New book puts France at center of anti-Muslim backlash

Women hold signs reading ‘Is it not a provocation, just my freedom of conscience’ during a ‘headscarf march’ organized by the Collective against Islamophobia ‘Respect Equality Dignity’ on Sept. 3, 2016, in Avignon, southern France. (AFP)

LONDON: Islamophobia in France is being fueled by state-backed efforts to encourage secularism, according to a new book that puts the country at the heart of a growing intolerance toward Muslims in Western societies.
In “Republic of Islamophobia: The Rise of Respectable Racism in France,” Jim Wolfreys, a British academic and author, argues that French politicians have given discrimination and racism a veneer of respectability in their response to a wave of Daesh attacks that hit French towns and cities in the last three years.
The bloodshed has left innocent Muslims facing unprecedented scrutiny of what they wear, eat and say in a society polarized by inequality, he claims.
Wolfreys, a senior lecturer in French and European Politics at King’s College London, told Arab News there is a “danger of confusing understandable fear of terrorism with fear of Muslims.”
France is home to Europe’s largest Muslim community, with estimates of its size ranging from 2.1 million to about 6 million, out of a total population of 66.9 million. Many of these Muslims can trace their roots back to the country’s colonial rule in North and sub-saharan Africa during the 19th and 20th centuries.
Secularism is one of the guiding principles of the French political and legal systems and questions around immigration and integration have long been a subject of debate in the country.

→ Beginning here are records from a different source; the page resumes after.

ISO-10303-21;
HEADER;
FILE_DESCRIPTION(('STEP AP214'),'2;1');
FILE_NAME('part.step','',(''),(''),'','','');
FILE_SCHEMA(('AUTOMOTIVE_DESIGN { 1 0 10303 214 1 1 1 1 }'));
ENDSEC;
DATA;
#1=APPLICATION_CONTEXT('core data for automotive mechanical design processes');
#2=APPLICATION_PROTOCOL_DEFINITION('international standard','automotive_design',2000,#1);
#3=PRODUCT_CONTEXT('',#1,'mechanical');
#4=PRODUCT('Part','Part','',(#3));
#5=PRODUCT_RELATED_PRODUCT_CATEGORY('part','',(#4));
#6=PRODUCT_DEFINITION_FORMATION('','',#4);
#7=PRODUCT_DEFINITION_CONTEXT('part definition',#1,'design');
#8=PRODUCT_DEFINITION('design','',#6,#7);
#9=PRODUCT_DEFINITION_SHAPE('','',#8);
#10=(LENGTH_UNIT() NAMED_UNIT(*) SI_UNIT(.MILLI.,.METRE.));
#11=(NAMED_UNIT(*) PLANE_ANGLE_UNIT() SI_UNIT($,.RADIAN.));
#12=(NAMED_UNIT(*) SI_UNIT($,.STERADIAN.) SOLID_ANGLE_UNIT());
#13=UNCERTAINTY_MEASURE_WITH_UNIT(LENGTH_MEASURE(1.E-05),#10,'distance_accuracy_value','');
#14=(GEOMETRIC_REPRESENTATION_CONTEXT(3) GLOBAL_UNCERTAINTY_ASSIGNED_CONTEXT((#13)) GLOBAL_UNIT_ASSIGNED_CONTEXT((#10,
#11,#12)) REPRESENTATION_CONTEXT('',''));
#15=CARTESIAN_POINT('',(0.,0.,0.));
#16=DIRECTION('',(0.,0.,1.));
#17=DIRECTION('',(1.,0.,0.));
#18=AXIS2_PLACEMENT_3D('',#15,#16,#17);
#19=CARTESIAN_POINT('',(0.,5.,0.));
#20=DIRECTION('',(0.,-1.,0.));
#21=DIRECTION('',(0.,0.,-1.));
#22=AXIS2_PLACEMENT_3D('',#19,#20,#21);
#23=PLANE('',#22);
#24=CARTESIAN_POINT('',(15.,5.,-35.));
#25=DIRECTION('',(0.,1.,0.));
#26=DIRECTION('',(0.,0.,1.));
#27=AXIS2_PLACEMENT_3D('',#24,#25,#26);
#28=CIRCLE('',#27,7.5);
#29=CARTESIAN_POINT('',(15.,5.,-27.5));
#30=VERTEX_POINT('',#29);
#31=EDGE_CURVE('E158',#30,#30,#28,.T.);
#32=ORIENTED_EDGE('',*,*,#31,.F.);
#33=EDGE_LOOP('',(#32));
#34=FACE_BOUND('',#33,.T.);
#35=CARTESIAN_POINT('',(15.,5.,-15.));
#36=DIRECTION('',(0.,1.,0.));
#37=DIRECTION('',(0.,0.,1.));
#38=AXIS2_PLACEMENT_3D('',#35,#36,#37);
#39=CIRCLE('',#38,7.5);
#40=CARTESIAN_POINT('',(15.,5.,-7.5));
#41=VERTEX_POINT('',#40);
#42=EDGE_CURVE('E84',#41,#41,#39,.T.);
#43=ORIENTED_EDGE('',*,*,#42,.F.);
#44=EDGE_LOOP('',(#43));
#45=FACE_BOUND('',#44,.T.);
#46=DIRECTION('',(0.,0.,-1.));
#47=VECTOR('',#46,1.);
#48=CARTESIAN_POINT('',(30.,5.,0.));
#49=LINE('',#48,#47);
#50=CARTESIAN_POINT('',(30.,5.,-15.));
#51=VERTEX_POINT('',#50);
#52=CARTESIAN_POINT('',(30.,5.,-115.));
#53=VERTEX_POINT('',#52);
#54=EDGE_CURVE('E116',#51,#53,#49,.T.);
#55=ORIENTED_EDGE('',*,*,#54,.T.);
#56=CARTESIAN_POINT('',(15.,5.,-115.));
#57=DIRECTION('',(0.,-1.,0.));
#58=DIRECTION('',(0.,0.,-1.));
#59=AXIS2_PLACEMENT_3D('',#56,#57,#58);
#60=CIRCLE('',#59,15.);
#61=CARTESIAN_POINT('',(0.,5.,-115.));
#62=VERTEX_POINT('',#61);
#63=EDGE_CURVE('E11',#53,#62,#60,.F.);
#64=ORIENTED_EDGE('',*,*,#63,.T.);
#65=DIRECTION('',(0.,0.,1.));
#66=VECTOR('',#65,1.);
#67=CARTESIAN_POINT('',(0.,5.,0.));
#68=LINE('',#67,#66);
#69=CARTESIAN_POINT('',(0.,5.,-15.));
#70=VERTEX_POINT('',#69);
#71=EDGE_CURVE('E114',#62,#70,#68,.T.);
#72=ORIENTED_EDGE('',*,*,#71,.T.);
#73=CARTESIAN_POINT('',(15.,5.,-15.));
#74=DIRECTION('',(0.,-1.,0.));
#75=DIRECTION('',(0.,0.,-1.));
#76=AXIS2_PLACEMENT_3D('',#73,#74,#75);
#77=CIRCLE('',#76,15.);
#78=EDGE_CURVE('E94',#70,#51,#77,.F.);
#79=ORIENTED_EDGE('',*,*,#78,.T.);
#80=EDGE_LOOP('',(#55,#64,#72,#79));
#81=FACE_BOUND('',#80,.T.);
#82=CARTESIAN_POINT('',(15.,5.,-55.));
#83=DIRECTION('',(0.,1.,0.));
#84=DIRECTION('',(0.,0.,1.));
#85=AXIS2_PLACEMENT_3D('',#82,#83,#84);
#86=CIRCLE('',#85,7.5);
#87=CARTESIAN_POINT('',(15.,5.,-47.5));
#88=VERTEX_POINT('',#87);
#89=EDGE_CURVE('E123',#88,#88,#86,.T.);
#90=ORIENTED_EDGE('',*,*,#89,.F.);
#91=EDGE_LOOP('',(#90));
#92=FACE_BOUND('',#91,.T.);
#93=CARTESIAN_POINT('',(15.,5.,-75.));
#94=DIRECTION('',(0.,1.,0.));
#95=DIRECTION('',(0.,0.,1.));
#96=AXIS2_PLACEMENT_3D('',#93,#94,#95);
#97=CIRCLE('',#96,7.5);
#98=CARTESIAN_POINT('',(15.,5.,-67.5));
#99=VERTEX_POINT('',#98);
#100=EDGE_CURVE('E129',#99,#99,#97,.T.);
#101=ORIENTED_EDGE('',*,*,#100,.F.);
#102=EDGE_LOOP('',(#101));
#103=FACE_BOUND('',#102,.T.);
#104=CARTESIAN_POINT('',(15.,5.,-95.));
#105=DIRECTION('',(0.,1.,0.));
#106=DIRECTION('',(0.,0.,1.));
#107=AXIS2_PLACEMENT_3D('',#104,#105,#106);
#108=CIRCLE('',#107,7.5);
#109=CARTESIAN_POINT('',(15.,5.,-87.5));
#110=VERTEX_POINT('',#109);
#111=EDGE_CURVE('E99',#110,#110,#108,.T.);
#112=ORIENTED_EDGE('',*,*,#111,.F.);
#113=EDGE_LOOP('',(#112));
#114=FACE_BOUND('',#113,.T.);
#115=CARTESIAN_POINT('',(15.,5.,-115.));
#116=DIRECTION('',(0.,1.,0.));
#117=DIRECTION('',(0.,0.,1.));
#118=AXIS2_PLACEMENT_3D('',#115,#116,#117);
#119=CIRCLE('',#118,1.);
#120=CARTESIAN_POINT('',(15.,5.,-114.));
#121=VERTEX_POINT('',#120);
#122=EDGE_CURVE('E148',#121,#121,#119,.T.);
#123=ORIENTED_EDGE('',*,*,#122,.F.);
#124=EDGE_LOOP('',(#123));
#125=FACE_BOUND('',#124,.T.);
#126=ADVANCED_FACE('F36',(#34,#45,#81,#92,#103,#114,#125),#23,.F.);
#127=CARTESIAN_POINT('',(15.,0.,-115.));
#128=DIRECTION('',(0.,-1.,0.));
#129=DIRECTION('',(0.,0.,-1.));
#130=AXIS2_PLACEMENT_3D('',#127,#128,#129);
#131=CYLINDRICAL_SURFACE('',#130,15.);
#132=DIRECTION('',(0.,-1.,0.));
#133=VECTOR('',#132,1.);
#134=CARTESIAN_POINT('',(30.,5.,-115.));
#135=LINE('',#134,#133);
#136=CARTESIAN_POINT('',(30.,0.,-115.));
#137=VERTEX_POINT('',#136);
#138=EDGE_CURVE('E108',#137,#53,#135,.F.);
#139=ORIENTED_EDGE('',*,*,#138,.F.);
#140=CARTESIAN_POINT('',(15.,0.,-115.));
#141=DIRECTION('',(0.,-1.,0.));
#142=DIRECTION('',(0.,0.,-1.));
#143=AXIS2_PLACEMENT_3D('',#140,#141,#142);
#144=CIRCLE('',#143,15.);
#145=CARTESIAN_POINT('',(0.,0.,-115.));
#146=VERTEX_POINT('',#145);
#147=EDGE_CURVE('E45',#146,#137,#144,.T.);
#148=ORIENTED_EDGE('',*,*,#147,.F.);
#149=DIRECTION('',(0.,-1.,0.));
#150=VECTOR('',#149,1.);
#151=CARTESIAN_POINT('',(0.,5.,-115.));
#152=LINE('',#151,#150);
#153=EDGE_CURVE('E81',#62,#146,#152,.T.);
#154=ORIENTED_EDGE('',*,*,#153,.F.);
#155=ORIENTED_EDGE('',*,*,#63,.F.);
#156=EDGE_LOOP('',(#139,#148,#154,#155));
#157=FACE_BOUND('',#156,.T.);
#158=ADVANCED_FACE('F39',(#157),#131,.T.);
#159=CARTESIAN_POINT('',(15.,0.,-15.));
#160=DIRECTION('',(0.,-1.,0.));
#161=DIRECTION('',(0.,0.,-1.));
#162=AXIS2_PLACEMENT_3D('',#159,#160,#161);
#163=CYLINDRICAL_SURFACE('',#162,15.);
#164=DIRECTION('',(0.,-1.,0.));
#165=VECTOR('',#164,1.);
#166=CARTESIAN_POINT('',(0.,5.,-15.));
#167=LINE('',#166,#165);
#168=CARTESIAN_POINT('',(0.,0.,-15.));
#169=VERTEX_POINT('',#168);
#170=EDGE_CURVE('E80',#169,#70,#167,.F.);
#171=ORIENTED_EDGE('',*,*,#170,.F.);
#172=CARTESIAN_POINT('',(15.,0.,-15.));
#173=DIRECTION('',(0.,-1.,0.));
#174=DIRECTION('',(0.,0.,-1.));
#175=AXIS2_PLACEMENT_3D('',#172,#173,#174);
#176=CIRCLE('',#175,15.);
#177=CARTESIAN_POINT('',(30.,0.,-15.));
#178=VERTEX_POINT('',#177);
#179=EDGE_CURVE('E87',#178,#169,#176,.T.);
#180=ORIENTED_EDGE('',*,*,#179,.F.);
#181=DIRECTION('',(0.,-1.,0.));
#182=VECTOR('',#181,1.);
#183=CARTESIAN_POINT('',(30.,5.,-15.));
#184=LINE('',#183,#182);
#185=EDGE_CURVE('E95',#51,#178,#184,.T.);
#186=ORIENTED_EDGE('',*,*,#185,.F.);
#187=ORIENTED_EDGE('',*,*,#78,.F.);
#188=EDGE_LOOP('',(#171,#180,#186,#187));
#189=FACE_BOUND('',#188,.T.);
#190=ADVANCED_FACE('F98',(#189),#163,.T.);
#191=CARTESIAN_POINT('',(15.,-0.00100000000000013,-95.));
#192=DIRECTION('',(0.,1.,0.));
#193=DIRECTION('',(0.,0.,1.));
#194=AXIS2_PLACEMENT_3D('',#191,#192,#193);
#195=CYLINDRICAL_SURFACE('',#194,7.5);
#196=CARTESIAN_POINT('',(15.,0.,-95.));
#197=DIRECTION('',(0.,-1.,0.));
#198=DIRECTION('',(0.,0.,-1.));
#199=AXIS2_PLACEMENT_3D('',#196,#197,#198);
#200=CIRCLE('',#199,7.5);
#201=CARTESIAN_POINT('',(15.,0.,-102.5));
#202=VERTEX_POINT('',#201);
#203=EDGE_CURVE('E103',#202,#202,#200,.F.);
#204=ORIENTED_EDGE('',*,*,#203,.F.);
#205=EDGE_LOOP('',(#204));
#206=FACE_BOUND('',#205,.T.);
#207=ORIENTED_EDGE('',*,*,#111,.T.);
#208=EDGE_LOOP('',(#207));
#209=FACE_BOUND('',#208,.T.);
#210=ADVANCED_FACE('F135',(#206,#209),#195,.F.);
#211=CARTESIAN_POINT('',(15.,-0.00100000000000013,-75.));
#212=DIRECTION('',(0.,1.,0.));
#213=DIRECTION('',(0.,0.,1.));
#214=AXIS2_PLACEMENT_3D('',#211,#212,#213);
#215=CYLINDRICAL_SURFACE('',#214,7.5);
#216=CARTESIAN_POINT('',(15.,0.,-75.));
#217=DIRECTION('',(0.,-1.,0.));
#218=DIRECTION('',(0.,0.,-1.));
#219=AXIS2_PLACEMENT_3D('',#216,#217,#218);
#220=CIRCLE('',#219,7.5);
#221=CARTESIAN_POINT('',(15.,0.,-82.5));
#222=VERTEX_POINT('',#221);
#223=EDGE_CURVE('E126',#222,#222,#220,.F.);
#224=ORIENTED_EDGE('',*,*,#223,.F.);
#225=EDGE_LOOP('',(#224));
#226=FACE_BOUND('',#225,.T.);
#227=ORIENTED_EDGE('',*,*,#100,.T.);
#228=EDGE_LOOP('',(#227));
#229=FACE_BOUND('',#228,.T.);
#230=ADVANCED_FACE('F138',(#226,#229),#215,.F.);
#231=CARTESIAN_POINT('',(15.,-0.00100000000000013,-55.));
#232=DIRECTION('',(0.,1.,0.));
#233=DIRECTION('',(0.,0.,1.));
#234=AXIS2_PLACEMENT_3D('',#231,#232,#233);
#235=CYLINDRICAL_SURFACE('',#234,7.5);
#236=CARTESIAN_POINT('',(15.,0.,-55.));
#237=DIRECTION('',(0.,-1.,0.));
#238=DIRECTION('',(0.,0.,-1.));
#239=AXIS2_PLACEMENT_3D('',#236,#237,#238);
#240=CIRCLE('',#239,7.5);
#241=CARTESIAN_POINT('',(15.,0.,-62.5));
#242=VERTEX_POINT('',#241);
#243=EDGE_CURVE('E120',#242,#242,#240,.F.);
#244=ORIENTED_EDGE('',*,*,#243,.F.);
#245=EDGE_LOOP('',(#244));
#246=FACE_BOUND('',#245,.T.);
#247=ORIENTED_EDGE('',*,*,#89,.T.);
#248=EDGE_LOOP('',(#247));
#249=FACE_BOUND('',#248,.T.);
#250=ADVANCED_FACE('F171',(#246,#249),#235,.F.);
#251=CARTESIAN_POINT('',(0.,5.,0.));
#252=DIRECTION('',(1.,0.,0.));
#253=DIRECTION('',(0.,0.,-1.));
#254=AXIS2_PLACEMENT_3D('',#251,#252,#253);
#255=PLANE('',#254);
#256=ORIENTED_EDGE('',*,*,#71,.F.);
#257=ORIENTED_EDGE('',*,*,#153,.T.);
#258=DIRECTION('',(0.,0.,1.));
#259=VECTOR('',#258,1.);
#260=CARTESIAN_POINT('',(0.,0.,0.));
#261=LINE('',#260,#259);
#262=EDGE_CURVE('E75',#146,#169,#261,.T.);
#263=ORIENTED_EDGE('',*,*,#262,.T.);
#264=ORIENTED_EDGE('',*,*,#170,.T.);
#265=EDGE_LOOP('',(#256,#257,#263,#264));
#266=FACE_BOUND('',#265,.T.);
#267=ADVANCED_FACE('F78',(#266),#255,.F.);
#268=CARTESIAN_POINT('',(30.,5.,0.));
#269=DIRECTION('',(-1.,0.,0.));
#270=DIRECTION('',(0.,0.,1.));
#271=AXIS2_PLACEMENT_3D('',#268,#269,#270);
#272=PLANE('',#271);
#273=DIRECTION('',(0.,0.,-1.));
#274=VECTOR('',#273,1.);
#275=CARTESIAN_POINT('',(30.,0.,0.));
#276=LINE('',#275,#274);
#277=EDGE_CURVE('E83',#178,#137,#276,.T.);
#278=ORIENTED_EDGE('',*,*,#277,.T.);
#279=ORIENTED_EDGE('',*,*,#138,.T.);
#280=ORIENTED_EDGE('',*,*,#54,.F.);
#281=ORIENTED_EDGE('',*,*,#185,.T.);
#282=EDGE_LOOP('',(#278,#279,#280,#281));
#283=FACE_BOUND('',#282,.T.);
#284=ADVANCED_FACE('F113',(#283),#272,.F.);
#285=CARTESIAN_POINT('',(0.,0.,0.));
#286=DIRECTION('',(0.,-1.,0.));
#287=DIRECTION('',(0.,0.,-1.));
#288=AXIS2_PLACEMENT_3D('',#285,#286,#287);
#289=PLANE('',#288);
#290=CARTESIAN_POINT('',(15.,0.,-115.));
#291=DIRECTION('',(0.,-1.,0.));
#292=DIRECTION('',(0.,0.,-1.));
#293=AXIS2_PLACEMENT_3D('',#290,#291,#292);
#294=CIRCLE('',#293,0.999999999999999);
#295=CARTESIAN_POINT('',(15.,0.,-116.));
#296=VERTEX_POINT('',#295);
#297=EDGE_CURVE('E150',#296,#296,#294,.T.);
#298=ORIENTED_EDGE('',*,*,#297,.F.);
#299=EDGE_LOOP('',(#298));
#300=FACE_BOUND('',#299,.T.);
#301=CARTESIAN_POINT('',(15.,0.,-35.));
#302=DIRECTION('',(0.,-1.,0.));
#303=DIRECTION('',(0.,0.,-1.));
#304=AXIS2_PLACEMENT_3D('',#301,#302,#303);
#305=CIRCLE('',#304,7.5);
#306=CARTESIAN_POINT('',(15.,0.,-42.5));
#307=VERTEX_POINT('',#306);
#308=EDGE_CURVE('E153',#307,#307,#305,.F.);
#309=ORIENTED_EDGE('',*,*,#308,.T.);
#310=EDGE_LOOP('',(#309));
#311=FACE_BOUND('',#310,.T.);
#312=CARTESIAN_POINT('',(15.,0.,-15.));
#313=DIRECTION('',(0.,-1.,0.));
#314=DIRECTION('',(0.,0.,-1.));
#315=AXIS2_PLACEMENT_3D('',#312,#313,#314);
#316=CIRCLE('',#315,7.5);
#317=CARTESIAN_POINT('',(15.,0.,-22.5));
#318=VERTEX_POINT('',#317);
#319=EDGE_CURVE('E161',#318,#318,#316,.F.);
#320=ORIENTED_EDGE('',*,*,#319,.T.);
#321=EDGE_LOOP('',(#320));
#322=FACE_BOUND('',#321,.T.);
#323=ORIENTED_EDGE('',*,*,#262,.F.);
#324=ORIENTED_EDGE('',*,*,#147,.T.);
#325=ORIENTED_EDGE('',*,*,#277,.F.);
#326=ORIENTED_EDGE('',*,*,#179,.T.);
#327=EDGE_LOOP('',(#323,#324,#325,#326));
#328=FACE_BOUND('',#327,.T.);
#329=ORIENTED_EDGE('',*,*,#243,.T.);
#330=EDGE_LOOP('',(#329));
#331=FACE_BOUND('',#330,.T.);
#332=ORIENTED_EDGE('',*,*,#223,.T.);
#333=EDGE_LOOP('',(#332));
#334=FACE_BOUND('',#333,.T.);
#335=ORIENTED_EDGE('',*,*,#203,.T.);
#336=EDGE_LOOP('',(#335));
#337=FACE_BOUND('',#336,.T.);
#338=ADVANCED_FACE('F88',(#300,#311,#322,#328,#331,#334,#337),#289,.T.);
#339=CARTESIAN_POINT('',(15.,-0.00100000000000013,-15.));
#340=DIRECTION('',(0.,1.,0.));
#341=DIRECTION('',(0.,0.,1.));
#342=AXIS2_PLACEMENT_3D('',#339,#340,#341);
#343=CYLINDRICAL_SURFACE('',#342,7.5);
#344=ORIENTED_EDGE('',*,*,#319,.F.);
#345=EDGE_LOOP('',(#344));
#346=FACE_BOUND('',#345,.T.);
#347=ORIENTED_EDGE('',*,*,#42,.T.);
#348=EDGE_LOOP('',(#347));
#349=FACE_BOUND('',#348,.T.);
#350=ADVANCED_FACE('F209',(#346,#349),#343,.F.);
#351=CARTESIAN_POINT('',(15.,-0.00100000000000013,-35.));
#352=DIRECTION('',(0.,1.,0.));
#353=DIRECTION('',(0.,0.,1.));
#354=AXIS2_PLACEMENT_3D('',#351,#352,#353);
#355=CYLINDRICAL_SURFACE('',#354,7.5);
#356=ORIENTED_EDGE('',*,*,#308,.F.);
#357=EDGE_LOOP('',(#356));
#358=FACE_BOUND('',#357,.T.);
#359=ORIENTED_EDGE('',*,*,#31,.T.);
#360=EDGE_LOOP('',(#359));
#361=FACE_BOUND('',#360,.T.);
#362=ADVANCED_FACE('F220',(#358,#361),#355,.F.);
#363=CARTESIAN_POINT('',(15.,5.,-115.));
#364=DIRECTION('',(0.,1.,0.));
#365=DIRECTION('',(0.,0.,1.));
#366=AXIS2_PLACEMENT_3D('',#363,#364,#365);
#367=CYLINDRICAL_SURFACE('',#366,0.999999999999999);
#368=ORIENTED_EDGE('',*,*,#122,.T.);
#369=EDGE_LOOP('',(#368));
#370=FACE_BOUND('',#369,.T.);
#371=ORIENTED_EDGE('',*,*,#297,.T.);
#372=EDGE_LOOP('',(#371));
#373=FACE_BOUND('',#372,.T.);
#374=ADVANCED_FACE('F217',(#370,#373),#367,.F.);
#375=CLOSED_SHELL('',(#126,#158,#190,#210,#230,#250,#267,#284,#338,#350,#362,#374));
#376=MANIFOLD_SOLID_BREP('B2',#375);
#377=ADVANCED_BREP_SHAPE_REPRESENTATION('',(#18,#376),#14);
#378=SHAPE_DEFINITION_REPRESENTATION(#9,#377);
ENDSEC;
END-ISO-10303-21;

But rhetoric once considered taboo has entered mainstream political discourse in recent years, according to Wolfreys.
In 2011, even before the recent wave of militant attacks, France became the first European nation to ban women from wearing full-face veils in public.
Then, as gun battles and suicide bombings rocked the country in a series of attacks claimed by Daesh, local authorities in several towns outlawed women from wearing burkini swimwear. Officials said the clothing, which covers the female head and body in keeping with conservative Islamic custom, was a security threat and flouted the nation’s secular principles.
France’s highest administrative court subsequently overturned the restriction imposed by one resort, with three judges ruling that it was “clearly illegal” and in violation of “fundamental liberties,” but the ban heightened concerns among many Muslims that they were being made scapegoats for the Daesh-inspired violence.
Islam and immigration went on to become two of the central issues in the 2017 presidential election, when Marine Le Pen, leader of the far-right National Front party, won almost 11 million votes in the second round of polling.
Le Pen campaigned on an openly Islamophobic ticket, denouncing mosques for allowing worshippers to pray in the streets and warning of the danger of living “under the yoke of the threat of Islamic fundamentalism.”
She lost convincingly to her liberal rival, Emmanuel Macron, but mainstream political concerns about Islam have not gone away.
On Sunday, President Macron told the French weekly newspaper “Le Journal du Dimanche” that he planned to reorganize the structure of Islam in France to help “preserve national cohesion.” He provided no details about how he hoped to do this.
Wolfreys’ book, “Republic of Islamophobia: The Rise of Respectable Racism in France,” looks in detail at the causes and consequences of state-fueled discrimination.
He reports the results of an opinion poll conducted by a French human rights institute that found 45 percent of National Front supporters do not consider “dirty Arab” a reprehensible phrase. In the same survey, nearly three-quarters of respondents said they do not regard Muslims as fully French.
However, Wolfreys accuses mainstream parties from both the right and left of the political spectrum of adopting increasingly intolerant interpretations of secularism.
He writes that the problem became particularly acute after two masked gunmen attacked the Paris offices of the satirical magazine “Charlie Hebdo” on Jan. 7, 2015, in retaliation for a series of cartoons defaming the Prophet Muhammad. Twelve people were killed, with Al-Qaeda in Yemen and Daesh issuing contrasting claims of responsibility for the carnage.
On Nov. 13 that year, Daesh militants also carried out a coordinated assault across the French capital, with three suicide bombers blowing themselves up outside the Stade de France and gunmen killing 89 people attending a rock concert at the Bataclan theatre.
This was followed in July 2016 by an attack in the southern city of Nice, in which a cargo truck was driven into a crowd of revelers celebrating Bastille Day, killing more than 80 people.
Wolfreys’ book warns that the French government’s response to the bloodshed has been disproportionate and risks further marginalizing innocent Muslims, pushing them into the arms of extremists.
“The renewed emphasis since the 2015 Paris attacks on inculcating respect for ‘republican values’ in schools, punishing those alleged to defy them, fast-tracking those accused of ‘apology for terrorism’ through the courts, and increasing surveillance and ‘vigilance’ is unlikely to prevent such atrocities from happening again,” he writes.